Of the six occupants in the Suburban, two complained of minor neck and back pain, according to the police report.

Yakima County Prosecuting Attorney Joe Brusic said he’s only pursuing a misdemeanor drunken driving charge against Mendez because the injuries weren’t serious enough to warrant a vehicular assault charge. She’s expected to be formally charged in about three weeks in Yakima County District Court.

At the time of her arrest, Mendez was cooperative and didn’t pose any further public safety risk, Schneider said.

“If her vehicle was accessible or her family wasn’t at home, most likely she would have been booked into jail,” he said.

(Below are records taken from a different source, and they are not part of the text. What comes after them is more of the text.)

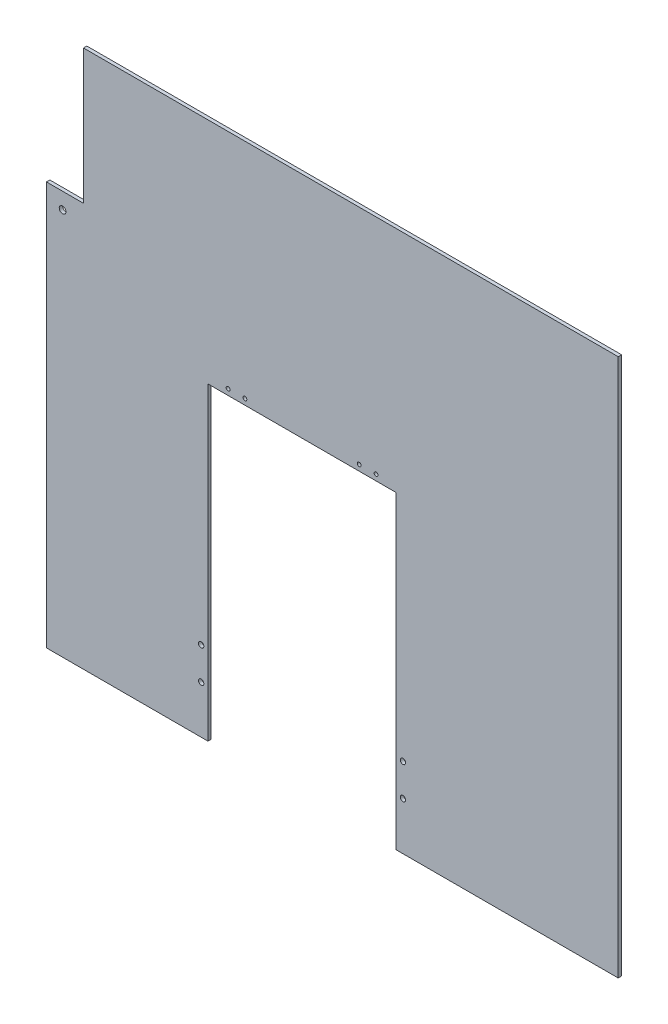
ISO-10303-21;
HEADER;
FILE_DESCRIPTION(('STEP AP214'),'2;1');
FILE_NAME('part.step','',(''),(''),'','','');
FILE_SCHEMA(('AUTOMOTIVE_DESIGN { 1 0 10303 214 1 1 1 1 }'));
ENDSEC;
DATA;
#1=APPLICATION_CONTEXT('core data for automotive mechanical design processes');
#2=APPLICATION_PROTOCOL_DEFINITION('international standard','automotive_design',2000,#1);
#3=PRODUCT_CONTEXT('',#1,'mechanical');
#4=PRODUCT('Part','Part','',(#3));
#5=PRODUCT_RELATED_PRODUCT_CATEGORY('part','',(#4));
#6=PRODUCT_DEFINITION_FORMATION('','',#4);
#7=PRODUCT_DEFINITION_CONTEXT('part definition',#1,'design');
#8=PRODUCT_DEFINITION('design','',#6,#7);
#9=PRODUCT_DEFINITION_SHAPE('','',#8);
#10=(LENGTH_UNIT() NAMED_UNIT(*) SI_UNIT(.MILLI.,.METRE.));
#11=(NAMED_UNIT(*) PLANE_ANGLE_UNIT() SI_UNIT($,.RADIAN.));
#12=(NAMED_UNIT(*) SI_UNIT($,.STERADIAN.) SOLID_ANGLE_UNIT());
#13=UNCERTAINTY_MEASURE_WITH_UNIT(LENGTH_MEASURE(1.E-05),#10,'distance_accuracy_value','');
#14=(GEOMETRIC_REPRESENTATION_CONTEXT(3) GLOBAL_UNCERTAINTY_ASSIGNED_CONTEXT((#13)) GLOBAL_UNIT_ASSIGNED_CONTEXT((#10,
#11,#12)) REPRESENTATION_CONTEXT('',''));
#15=CARTESIAN_POINT('',(0.,0.,0.));
#16=DIRECTION('',(0.,0.,1.));
#17=DIRECTION('',(1.,0.,0.));
#18=AXIS2_PLACEMENT_3D('',#15,#16,#17);
#19=CARTESIAN_POINT('',(0.,0.,3.175));
#20=DIRECTION('',(0.,1.,0.));
#21=DIRECTION('',(0.,0.,1.));
#22=AXIS2_PLACEMENT_3D('',#19,#20,#21);
#23=PLANE('',#22);
#24=DIRECTION('',(1.,0.,0.));
#25=VECTOR('',#24,1.);
#26=CARTESIAN_POINT('',(0.,0.,0.));
#27=LINE('',#26,#25);
#28=CARTESIAN_POINT('',(0.,0.,0.));
#29=VERTEX_POINT('',#28);
#30=CARTESIAN_POINT('',(152.4,0.,0.));
#31=VERTEX_POINT('',#30);
#32=EDGE_CURVE('E161',#29,#31,#27,.T.);
#33=ORIENTED_EDGE('',*,*,#32,.T.);
#34=DIRECTION('',(0.,0.,-1.));
#35=VECTOR('',#34,1.);
#36=CARTESIAN_POINT('',(152.4,0.,44.45));
#37=LINE('',#36,#35);
#38=CARTESIAN_POINT('',(152.4,0.,3.175));
#39=VERTEX_POINT('',#38);
#40=EDGE_CURVE('E216',#39,#31,#37,.T.);
#41=ORIENTED_EDGE('',*,*,#40,.F.);
#42=DIRECTION('',(1.,0.,0.));
#43=VECTOR('',#42,1.);
#44=CARTESIAN_POINT('',(0.,0.,3.175));
#45=LINE('',#44,#43);
#46=CARTESIAN_POINT('',(0.,0.,3.175));
#47=VERTEX_POINT('',#46);
#48=EDGE_CURVE('E152',#47,#39,#45,.T.);
#49=ORIENTED_EDGE('',*,*,#48,.F.);
#50=DIRECTION('',(0.,0.,-1.));
#51=VECTOR('',#50,1.);
#52=CARTESIAN_POINT('',(0.,0.,3.175));
#53=LINE('',#52,#51);
#54=EDGE_CURVE('E11',#47,#29,#53,.T.);
#55=ORIENTED_EDGE('',*,*,#54,.T.);
#56=EDGE_LOOP('',(#33,#41,#49,#55));
#57=FACE_BOUND('',#56,.T.);
#58=ADVANCED_FACE('F43',(#57),#23,.F.);
#59=CARTESIAN_POINT('',(0.,0.,3.175));
#60=DIRECTION('',(1.,0.,0.));
#61=DIRECTION('',(0.,0.,-1.));
#62=AXIS2_PLACEMENT_3D('',#59,#60,#61);
#63=PLANE('',#62);
#64=DIRECTION('',(0.,-1.,0.));
#65=VECTOR('',#64,1.);
#66=CARTESIAN_POINT('',(0.,0.,3.175));
#67=LINE('',#66,#65);
#68=CARTESIAN_POINT('',(0.,381.,3.175));
#69=VERTEX_POINT('',#68);
#70=EDGE_CURVE('E169',#69,#47,#67,.T.);
#71=ORIENTED_EDGE('',*,*,#70,.F.);
#72=DIRECTION('',(0.,0.,-1.));
#73=VECTOR('',#72,1.);
#74=CARTESIAN_POINT('',(0.,381.,3.175));
#75=LINE('',#74,#73);
#76=CARTESIAN_POINT('',(0.,381.,0.));
#77=VERTEX_POINT('',#76);
#78=EDGE_CURVE('E197',#69,#77,#75,.T.);
#79=ORIENTED_EDGE('',*,*,#78,.T.);
#80=DIRECTION('',(0.,-1.,0.));
#81=VECTOR('',#80,1.);
#82=CARTESIAN_POINT('',(0.,0.,0.));
#83=LINE('',#82,#81);
#84=EDGE_CURVE('E156',#77,#29,#83,.T.);
#85=ORIENTED_EDGE('',*,*,#84,.T.);
#86=ORIENTED_EDGE('',*,*,#54,.F.);
#87=EDGE_LOOP('',(#71,#79,#85,#86));
#88=FACE_BOUND('',#87,.T.);
#89=ADVANCED_FACE('F45',(#88),#63,.F.);
#90=CARTESIAN_POINT('',(330.2,0.,3.175));
#91=VERTEX_POINT('',#90);
#92=CARTESIAN_POINT('',(539.75,0.,3.175));
#93=VERTEX_POINT('',#92);
#94=EDGE_CURVE('E261',#91,#93,#45,.T.);
#95=ORIENTED_EDGE('',*,*,#94,.F.);
#96=DIRECTION('',(0.,0.,-1.));
#97=VECTOR('',#96,1.);
#98=CARTESIAN_POINT('',(330.2,0.,44.45));
#99=LINE('',#98,#97);
#100=CARTESIAN_POINT('',(330.2,0.,0.));
#101=VERTEX_POINT('',#100);
#102=EDGE_CURVE('E229',#91,#101,#99,.T.);
#103=ORIENTED_EDGE('',*,*,#102,.T.);
#104=CARTESIAN_POINT('',(539.75,0.,0.));
#105=VERTEX_POINT('',#104);
#106=EDGE_CURVE('E159',#101,#105,#27,.T.);
#107=ORIENTED_EDGE('',*,*,#106,.T.);
#108=DIRECTION('',(0.,0.,-1.));
#109=VECTOR('',#108,1.);
#110=CARTESIAN_POINT('',(539.75,0.,3.175));
#111=LINE('',#110,#109);
#112=EDGE_CURVE('E52',#93,#105,#111,.T.);
#113=ORIENTED_EDGE('',*,*,#112,.F.);
#114=EDGE_LOOP('',(#95,#103,#107,#113));
#115=FACE_BOUND('',#114,.T.);
#116=ADVANCED_FACE('F266',(#115),#23,.F.);
#117=CARTESIAN_POINT('',(539.75,0.,3.175));
#118=DIRECTION('',(-1.,0.,0.));
#119=DIRECTION('',(0.,0.,1.));
#120=AXIS2_PLACEMENT_3D('',#117,#118,#119);
#121=PLANE('',#120);
#122=DIRECTION('',(0.,1.,0.));
#123=VECTOR('',#122,1.);
#124=CARTESIAN_POINT('',(539.75,0.,0.));
#125=LINE('',#124,#123);
#126=CARTESIAN_POINT('',(539.75,508.,0.));
#127=VERTEX_POINT('',#126);
#128=EDGE_CURVE('E165',#105,#127,#125,.T.);
#129=ORIENTED_EDGE('',*,*,#128,.T.);
#130=DIRECTION('',(0.,0.,-1.));
#131=VECTOR('',#130,1.);
#132=CARTESIAN_POINT('',(539.75,508.,3.175));
#133=LINE('',#132,#131);
#134=CARTESIAN_POINT('',(539.75,508.,3.175));
#135=VERTEX_POINT('',#134);
#136=EDGE_CURVE('E147',#135,#127,#133,.T.);
#137=ORIENTED_EDGE('',*,*,#136,.F.);
#138=DIRECTION('',(0.,1.,0.));
#139=VECTOR('',#138,1.);
#140=CARTESIAN_POINT('',(539.75,0.,3.175));
#141=LINE('',#140,#139);
#142=EDGE_CURVE('E144',#93,#135,#141,.T.);
#143=ORIENTED_EDGE('',*,*,#142,.F.);
#144=ORIENTED_EDGE('',*,*,#112,.T.);
#145=EDGE_LOOP('',(#129,#137,#143,#144));
#146=FACE_BOUND('',#145,.T.);
#147=ADVANCED_FACE('F175',(#146),#121,.F.);
#148=CARTESIAN_POINT('',(0.,508.,3.175));
#149=DIRECTION('',(0.,-1.,0.));
#150=DIRECTION('',(0.,0.,-1.));
#151=AXIS2_PLACEMENT_3D('',#148,#149,#150);
#152=PLANE('',#151);
#153=DIRECTION('',(-1.,0.,0.));
#154=VECTOR('',#153,1.);
#155=CARTESIAN_POINT('',(0.,508.,0.));
#156=LINE('',#155,#154);
#157=CARTESIAN_POINT('',(34.925,508.,0.));
#158=VERTEX_POINT('',#157);
#159=EDGE_CURVE('E139',#127,#158,#156,.T.);
#160=ORIENTED_EDGE('',*,*,#159,.T.);
#161=DIRECTION('',(0.,0.,-1.));
#162=VECTOR('',#161,1.);
#163=CARTESIAN_POINT('',(34.925,508.,3.175));
#164=LINE('',#163,#162);
#165=CARTESIAN_POINT('',(34.925,508.,3.175));
#166=VERTEX_POINT('',#165);
#167=EDGE_CURVE('E59',#166,#158,#164,.T.);
#168=ORIENTED_EDGE('',*,*,#167,.F.);
#169=DIRECTION('',(-1.,0.,0.));
#170=VECTOR('',#169,1.);
#171=CARTESIAN_POINT('',(0.,508.,3.175));
#172=LINE('',#171,#170);
#173=EDGE_CURVE('E137',#135,#166,#172,.T.);
#174=ORIENTED_EDGE('',*,*,#173,.F.);
#175=ORIENTED_EDGE('',*,*,#136,.T.);
#176=EDGE_LOOP('',(#160,#168,#174,#175));
#177=FACE_BOUND('',#176,.T.);
#178=ADVANCED_FACE('F135',(#177),#152,.F.);
#179=CARTESIAN_POINT('',(0.,0.,3.175));
#180=DIRECTION('',(0.,0.,-1.));
#181=DIRECTION('',(-1.,0.,0.));
#182=AXIS2_PLACEMENT_3D('',#179,#180,#181);
#183=PLANE('',#182);
#184=CARTESIAN_POINT('',(336.55,75.565,3.175));
#185=DIRECTION('',(0.,0.,1.));
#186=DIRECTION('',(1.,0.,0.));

Instead of booking Mendez, an officer gave her a ride home. Schneider said the officer intended to take her to the hospital because her thumb was injured in the crash. At Mendez’s request, he took her home instead so family could take her to the hospital.

Leverton, the Renton police officer, said while giving a suspect a ride home isn’t unheard of, it’s not something his officers do.

“It’s just not a common practice,” he said.

Suspects are released to a responsible, sober adult, he added.

If Mendez would have been booked, she would have been taken to Yakima County jail, where the city of Yakima houses its female inmates, said Scott Himes, chief of the county’s Department of Corrections.

Attorney Klein said Yakima police may not want to book any first-time offender into the county jail.

“I bet more woman are perceived to be more agreeable, more officer-friendly and are more likely to get a ride home,” he said.